Source data
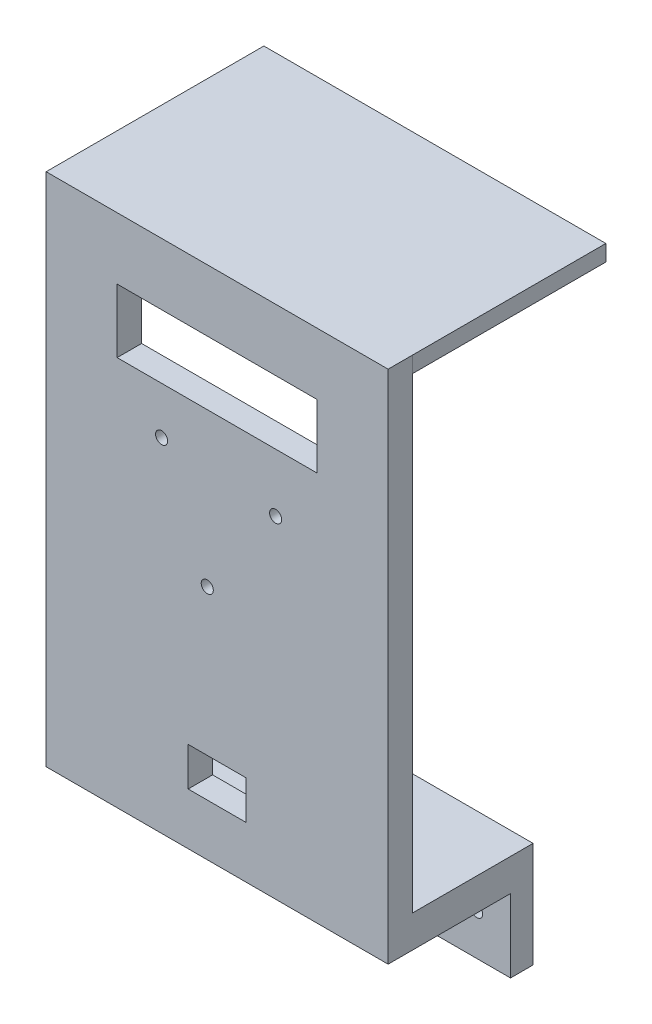
ISO-10303-21;
HEADER;
FILE_DESCRIPTION(('STEP AP214'),'2;1');
FILE_NAME('part.step','',(''),(''),'','','');
FILE_SCHEMA(('AUTOMOTIVE_DESIGN { 1 0 10303 214 1 1 1 1 }'));
ENDSEC;
DATA;
#1=APPLICATION_CONTEXT('core data for automotive mechanical design processes');
#2=APPLICATION_PROTOCOL_DEFINITION('international standard','automotive_design',2000,#1);
#3=PRODUCT_CONTEXT('',#1,'mechanical');
#4=PRODUCT('Part','Part','',(#3));
#5=PRODUCT_RELATED_PRODUCT_CATEGORY('part','',(#4));
#6=PRODUCT_DEFINITION_FORMATION('','',#4);
#7=PRODUCT_DEFINITION_CONTEXT('part definition',#1,'design');
#8=PRODUCT_DEFINITION('design','',#6,#7);
#9=PRODUCT_DEFINITION_SHAPE('','',#8);
#10=(LENGTH_UNIT() NAMED_UNIT(*) SI_UNIT(.MILLI.,.METRE.));
#11=(NAMED_UNIT(*) PLANE_ANGLE_UNIT() SI_UNIT($,.RADIAN.));
#12=(NAMED_UNIT(*) SI_UNIT($,.STERADIAN.) SOLID_ANGLE_UNIT());
#13=UNCERTAINTY_MEASURE_WITH_UNIT(LENGTH_MEASURE(1.E-05),#10,'distance_accuracy_value','');
#14=(GEOMETRIC_REPRESENTATION_CONTEXT(3) GLOBAL_UNCERTAINTY_ASSIGNED_CONTEXT((#13)) GLOBAL_UNIT_ASSIGNED_CONTEXT((#10,
#11,#12)) REPRESENTATION_CONTEXT('',''));
#15=CARTESIAN_POINT('',(0.,0.,0.));
#16=DIRECTION('',(0.,0.,1.));
#17=DIRECTION('',(1.,0.,0.));
#18=AXIS2_PLACEMENT_3D('',#15,#16,#17);
#19=CARTESIAN_POINT('',(-49.7332,-0.987827493568454,15.));
#20=DIRECTION('',(0.,1.,0.));
#21=DIRECTION('',(0.,0.,1.));
#22=AXIS2_PLACEMENT_3D('',#19,#20,#21);
#23=PLANE('',#22);
#24=DIRECTION('',(1.,0.,0.));
#25=VECTOR('',#24,1.);
#26=CARTESIAN_POINT('',(56.4388,-0.987827493568454,6.99999999999999));
#27=LINE('',#26,#25);
#28=CARTESIAN_POINT('',(-49.7332,-0.987827493568454,6.99999999999999));
#29=VERTEX_POINT('',#28);
#30=CARTESIAN_POINT('',(56.4388,-0.987827493568454,6.99999999999999));
#31=VERTEX_POINT('',#30);
#32=EDGE_CURVE('E220',#29,#31,#27,.T.);
#33=ORIENTED_EDGE('',*,*,#32,.F.);
#34=DIRECTION('',(0.,0.,-1.));
#35=VECTOR('',#34,1.);
#36=CARTESIAN_POINT('',(-49.7332,-0.987827493568454,15.));
#37=LINE('',#36,#35);
#38=CARTESIAN_POINT('',(-49.7332,-0.987827493568454,0.));
#39=VERTEX_POINT('',#38);
#40=EDGE_CURVE('E11',#29,#39,#37,.T.);
#41=ORIENTED_EDGE('',*,*,#40,.T.);
#42=DIRECTION('',(1.,0.,0.));
#43=VECTOR('',#42,1.);
#44=CARTESIAN_POINT('',(-49.7332,-0.987827493568454,0.));
#45=LINE('',#44,#43);
#46=CARTESIAN_POINT('',(56.4388,-0.987827493568454,0.));
#47=VERTEX_POINT('',#46);
#48=EDGE_CURVE('E426',#39,#47,#45,.T.);
#49=ORIENTED_EDGE('',*,*,#48,.T.);
#50=DIRECTION('',(0.,0.,-1.));
#51=VECTOR('',#50,1.);
#52=CARTESIAN_POINT('',(56.4388,-0.987827493568454,15.));
#53=LINE('',#52,#51);
#54=EDGE_CURVE('E49',#31,#47,#53,.T.);
#55=ORIENTED_EDGE('',*,*,#54,.F.);
#56=EDGE_LOOP('',(#33,#41,#49,#55));
#57=FACE_BOUND('',#56,.T.);
#58=ADVANCED_FACE('F41',(#57),#23,.F.);
#59=CARTESIAN_POINT('',(56.4388,31.7121725064315,15.));
#60=DIRECTION('',(-1.,0.,0.));
#61=DIRECTION('',(0.,-1.,0.));
#62=AXIS2_PLACEMENT_3D('',#59,#60,#61);
#63=PLANE('',#62);
#64=DIRECTION('',(0.,1.,0.));
#65=VECTOR('',#64,1.);
#66=CARTESIAN_POINT('',(56.4388,21.7217890011297,6.99999999999999));
#67=LINE('',#66,#65);
#68=CARTESIAN_POINT('',(56.4388,21.7217890011297,6.99999999999999));
#69=VERTEX_POINT('',#68);
#70=EDGE_CURVE('E206',#31,#69,#67,.T.);
#71=ORIENTED_EDGE('',*,*,#70,.F.);
#72=ORIENTED_EDGE('',*,*,#54,.T.);
#73=DIRECTION('',(0.,1.,0.));
#74=VECTOR('',#73,1.);
#75=CARTESIAN_POINT('',(56.4388,31.7121725064315,0.));
#76=LINE('',#75,#74);
#77=CARTESIAN_POINT('',(56.4388,31.7121725064315,0.));
#78=VERTEX_POINT('',#77);
#79=EDGE_CURVE('E428',#47,#78,#76,.T.);
#80=ORIENTED_EDGE('',*,*,#79,.T.);
#81=DIRECTION('',(0.,0.,-1.));
#82=VECTOR('',#81,1.);
#83=CARTESIAN_POINT('',(56.4388,31.7121725064315,15.));
#84=LINE('',#83,#82);
#85=CARTESIAN_POINT('',(56.4388,31.7121725064315,37.4020421761508));
#86=VERTEX_POINT('',#85);
#87=EDGE_CURVE('E390',#86,#78,#84,.T.);
#88=ORIENTED_EDGE('',*,*,#87,.F.);
#89=DIRECTION('',(0.,1.,0.));
#90=VECTOR('',#89,1.);
#91=CARTESIAN_POINT('',(56.4388,171.712172506432,37.4020421761508));
#92=LINE('',#91,#90);
#93=CARTESIAN_POINT('',(56.4382329650141,176.712172506432,37.4020421761508));
#94=VERTEX_POINT('',#93);
#95=EDGE_CURVE('E388',#94,#86,#92,.F.);
#96=ORIENTED_EDGE('',*,*,#95,.F.);
#97=CARTESIAN_POINT('',(56.4376659300283,181.712172506432,37.4020421761508));
#98=DIRECTION('',(0.,-1.,0.));
#99=VECTOR('',#98,1.);
#100=LINE('',#97,#99);
#101=CARTESIAN_POINT('',(56.4382329650141,181.712172506432,37.4020421761508));
#102=VERTEX_POINT('',#101);
#103=EDGE_CURVE('E306',#102,#94,#100,.T.);
#104=ORIENTED_EDGE('',*,*,#103,.F.);
#105=DIRECTION('',(0.,0.,-1.));
#106=VECTOR('',#105,1.);
#107=CARTESIAN_POINT('',(56.4388,181.712172506432,45.));
#108=LINE('',#107,#106);
#109=CARTESIAN_POINT('',(56.4388,181.712172506432,45.));
#110=VERTEX_POINT('',#109);
#111=EDGE_CURVE('E374',#110,#102,#108,.T.);
#112=ORIENTED_EDGE('',*,*,#111,.F.);
#113=DIRECTION('',(0.,1.,0.));
#114=VECTOR('',#113,1.);
#115=CARTESIAN_POINT('',(56.4388,31.7121725064315,45.));
#116=LINE('',#115,#114);
#117=CARTESIAN_POINT('',(56.4388,21.7217890011297,45.));
#118=VERTEX_POINT('',#117);
#119=EDGE_CURVE('E400',#118,#110,#116,.T.);
#120=ORIENTED_EDGE('',*,*,#119,.F.);
#121=DIRECTION('',(0.,0.,1.));
#122=VECTOR('',#121,1.);
#123=CARTESIAN_POINT('',(56.4388,21.7217890011297,12.));
#124=LINE('',#123,#122);
#125=EDGE_CURVE('E226',#69,#118,#124,.T.);
#126=ORIENTED_EDGE('',*,*,#125,.F.);
#127=EDGE_LOOP('',(#71,#72,#80,#88,#96,#104,#112,#120,#126));
#128=FACE_BOUND('',#127,.T.);
#129=ADVANCED_FACE('F338',(#128),#63,.F.);
#130=CARTESIAN_POINT('',(56.4388,171.712172506432,37.4020421761508));
#131=DIRECTION('',(0.,0.,1.));
#132=DIRECTION('',(1.,0.,0.));
#133=AXIS2_PLACEMENT_3D('',#130,#131,#132);
#134=PLANE('',#133);
#135=DIRECTION('',(1.,0.,0.));
#136=VECTOR('',#135,1.);
#137=CARTESIAN_POINT('',(56.4388,142.747096855679,37.4020421761508));
#138=LINE('',#137,#136);
#139=CARTESIAN_POINT('',(-27.6946017621445,142.747096855679,37.4020421761508));
#140=VERTEX_POINT('',#139);
#141=CARTESIAN_POINT('',(34.4002017621445,142.747096855679,37.4020421761508));
#142=VERTEX_POINT('',#141);
#143=EDGE_CURVE('E202',#140,#142,#138,.T.);
#144=ORIENTED_EDGE('',*,*,#143,.T.);
#145=DIRECTION('',(0.,1.,0.));
#146=VECTOR('',#145,1.);
#147=CARTESIAN_POINT('',(34.4002017621445,171.712172506432,37.4020421761508));
#148=LINE('',#147,#146);
#149=CARTESIAN_POINT('',(34.4002017621445,162.525734118154,37.4020421761508));
#150=VERTEX_POINT('',#149);
#151=EDGE_CURVE('E207',#142,#150,#148,.T.);
#152=ORIENTED_EDGE('',*,*,#151,.T.);
#153=DIRECTION('',(-1.,0.,0.));
#154=VECTOR('',#153,1.);
#155=CARTESIAN_POINT('',(56.4388,162.525734118154,37.4020421761508));
#156=LINE('',#155,#154);
#157=CARTESIAN_POINT('',(-27.6946017621445,162.525734118154,37.4020421761508));
#158=VERTEX_POINT('',#157);
#159=EDGE_CURVE('E200',#150,#158,#156,.T.);
#160=ORIENTED_EDGE('',*,*,#159,.T.);
#161=DIRECTION('',(0.,-1.,0.));
#162=VECTOR('',#161,1.);
#163=CARTESIAN_POINT('',(-27.6946017621445,171.712172506432,37.4020421761508));
#164=LINE('',#163,#162);
#165=EDGE_CURVE('E178',#158,#140,#164,.T.);
#166=ORIENTED_EDGE('',*,*,#165,.T.);
#167=EDGE_LOOP('',(#144,#152,#160,#166));
#168=FACE_BOUND('',#167,.T.);
#169=CARTESIAN_POINT('',(0.288111980120354,95.1274233828584,37.4020421761508));
#170=DIRECTION('',(0.,0.,1.));
#171=DIRECTION('',(1.,0.,0.));
#172=AXIS2_PLACEMENT_3D('',#169,#170,#171);
#173=CIRCLE('',#172,1.875);
#174=CARTESIAN_POINT('',(2.16311198012035,95.1274233828584,37.4020421761508));
#175=VERTEX_POINT('',#174);
#176=EDGE_CURVE('E253',#175,#175,#173,.T.);
#177=ORIENTED_EDGE('',*,*,#176,.T.);
#178=EDGE_LOOP('',(#177));
#179=FACE_BOUND('',#178,.T.);
#180=CARTESIAN_POINT('',(21.5155373961962,124.701234261049,37.4020421761508));
#181=DIRECTION('',(0.,0.,1.));
#182=DIRECTION('',(1.,0.,0.));
#183=AXIS2_PLACEMENT_3D('',#180,#181,#182);
#184=CIRCLE('',#183,1.875);
#185=CARTESIAN_POINT('',(23.3905373961962,124.701234261049,37.4020421761508));
#186=VERTEX_POINT('',#185);
#187=EDGE_CURVE('E250',#186,#186,#184,.T.);
#188=ORIENTED_EDGE('',*,*,#187,.T.);
#189=EDGE_LOOP('',(#188));
#190=FACE_BOUND('',#189,.T.);
#191=CARTESIAN_POINT('',(-13.8821185720653,128.141421182327,37.4020421761508));
#192=DIRECTION('',(0.,0.,1.));
#193=DIRECTION('',(1.,0.,0.));
#194=AXIS2_PLACEMENT_3D('',#191,#192,#193);
#195=CIRCLE('',#194,1.875);
#196=CARTESIAN_POINT('',(-12.0071185720653,128.141421182327,37.4020421761508));
#197=VERTEX_POINT('',#196);
#198=EDGE_CURVE('E239',#197,#197,#195,.T.);
#199=ORIENTED_EDGE('',*,*,#198,.T.);
#200=EDGE_LOOP('',(#199));
#201=FACE_BOUND('',#200,.T.);
#202=DIRECTION('',(1.,0.,0.));
#203=VECTOR('',#202,1.);
#204=CARTESIAN_POINT('',(56.4388,37.7840898491177,37.4020421761508));
#205=LINE('',#204,#203);
#206=CARTESIAN_POINT('',(-5.64719999999998,37.7840898491177,37.4020421761508));
#207=VERTEX_POINT('',#206);
#208=CARTESIAN_POINT('',(12.3528,37.7840898491177,37.4020421761508));
#209=VERTEX_POINT('',#208);
#210=EDGE_CURVE('E282',#207,#209,#205,.T.);
#211=ORIENTED_EDGE('',*,*,#210,.T.);
#212=DIRECTION('',(0.,1.,0.));
#213=VECTOR('',#212,1.);
#214=CARTESIAN_POINT('',(12.3528,171.712172506432,37.4020421761508));
#215=LINE('',#214,#213);
#216=CARTESIAN_POINT('',(12.3528,49.7840898491177,37.4020421761508));
#217=VERTEX_POINT('',#216);
#218=EDGE_CURVE('E281',#209,#217,#215,.T.);
#219=ORIENTED_EDGE('',*,*,#218,.T.);
#220=DIRECTION('',(-1.,0.,0.));
#221=VECTOR('',#220,1.);
#222=CARTESIAN_POINT('',(56.4388,49.7840898491177,37.4020421761508));
#223=LINE('',#222,#221);
#224=CARTESIAN_POINT('',(-5.64719999999998,49.7840898491177,37.4020421761508));
#225=VERTEX_POINT('',#224);
#226=EDGE_CURVE('E267',#217,#225,#223,.T.);
#227=ORIENTED_EDGE('',*,*,#226,.T.);
#228=DIRECTION('',(0.,-1.,0.));
#229=VECTOR('',#228,1.);
#230=CARTESIAN_POINT('',(-5.64719999999998,171.712172506432,37.4020421761508));
#231=LINE('',#230,#229);
#232=EDGE_CURVE('E277',#225,#207,#231,.T.);
#233=ORIENTED_EDGE('',*,*,#232,.T.);
#234=EDGE_LOOP('',(#211,#219,#227,#233));
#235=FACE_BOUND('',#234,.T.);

ACTION ITEM
Look above for the line holding "FILE_DESCRIPTION(('STEP AP214'),'2;1');" and the line holding "#27=LINE('',#26,#25);", then output exactly those two lines and every line between them, nothing more.

TASK OUTPUT
FILE_DESCRIPTION(('STEP AP214'),'2;1');
FILE_NAME('part.step','',(''),(''),'','','');
FILE_SCHEMA(('AUTOMOTIVE_DESIGN { 1 0 10303 214 1 1 1 1 }'));
ENDSEC;
DATA;
#1=APPLICATION_CONTEXT('core data for automotive mechanical design processes');
#2=APPLICATION_PROTOCOL_DEFINITION('international standard','automotive_design',2000,#1);
#3=PRODUCT_CONTEXT('',#1,'mechanical');
#4=PRODUCT('Part','Part','',(#3));
#5=PRODUCT_RELATED_PRODUCT_CATEGORY('part','',(#4));
#6=PRODUCT_DEFINITION_FORMATION('','',#4);
#7=PRODUCT_DEFINITION_CONTEXT('part definition',#1,'design');
#8=PRODUCT_DEFINITION('design','',#6,#7);
#9=PRODUCT_DEFINITION_SHAPE('','',#8);
#10=(LENGTH_UNIT() NAMED_UNIT(*) SI_UNIT(.MILLI.,.METRE.));
#11=(NAMED_UNIT(*) PLANE_ANGLE_UNIT() SI_UNIT($,.RADIAN.));
#12=(NAMED_UNIT(*) SI_UNIT($,.STERADIAN.) SOLID_ANGLE_UNIT());
#13=UNCERTAINTY_MEASURE_WITH_UNIT(LENGTH_MEASURE(1.E-05),#10,'distance_accuracy_value','');
#14=(GEOMETRIC_REPRESENTATION_CONTEXT(3) GLOBAL_UNCERTAINTY_ASSIGNED_CONTEXT((#13)) GLOBAL_UNIT_ASSIGNED_CONTEXT((#10,
#11,#12)) REPRESENTATION_CONTEXT('',''));
#15=CARTESIAN_POINT('',(0.,0.,0.));
#16=DIRECTION('',(0.,0.,1.));
#17=DIRECTION('',(1.,0.,0.));
#18=AXIS2_PLACEMENT_3D('',#15,#16,#17);
#19=CARTESIAN_POINT('',(-49.7332,-0.987827493568454,15.));
#20=DIRECTION('',(0.,1.,0.));
#21=DIRECTION('',(0.,0.,1.));
#22=AXIS2_PLACEMENT_3D('',#19,#20,#21);
#23=PLANE('',#22);
#24=DIRECTION('',(1.,0.,0.));
#25=VECTOR('',#24,1.);
#26=CARTESIAN_POINT('',(56.4388,-0.987827493568454,6.99999999999999));
#27=LINE('',#26,#25);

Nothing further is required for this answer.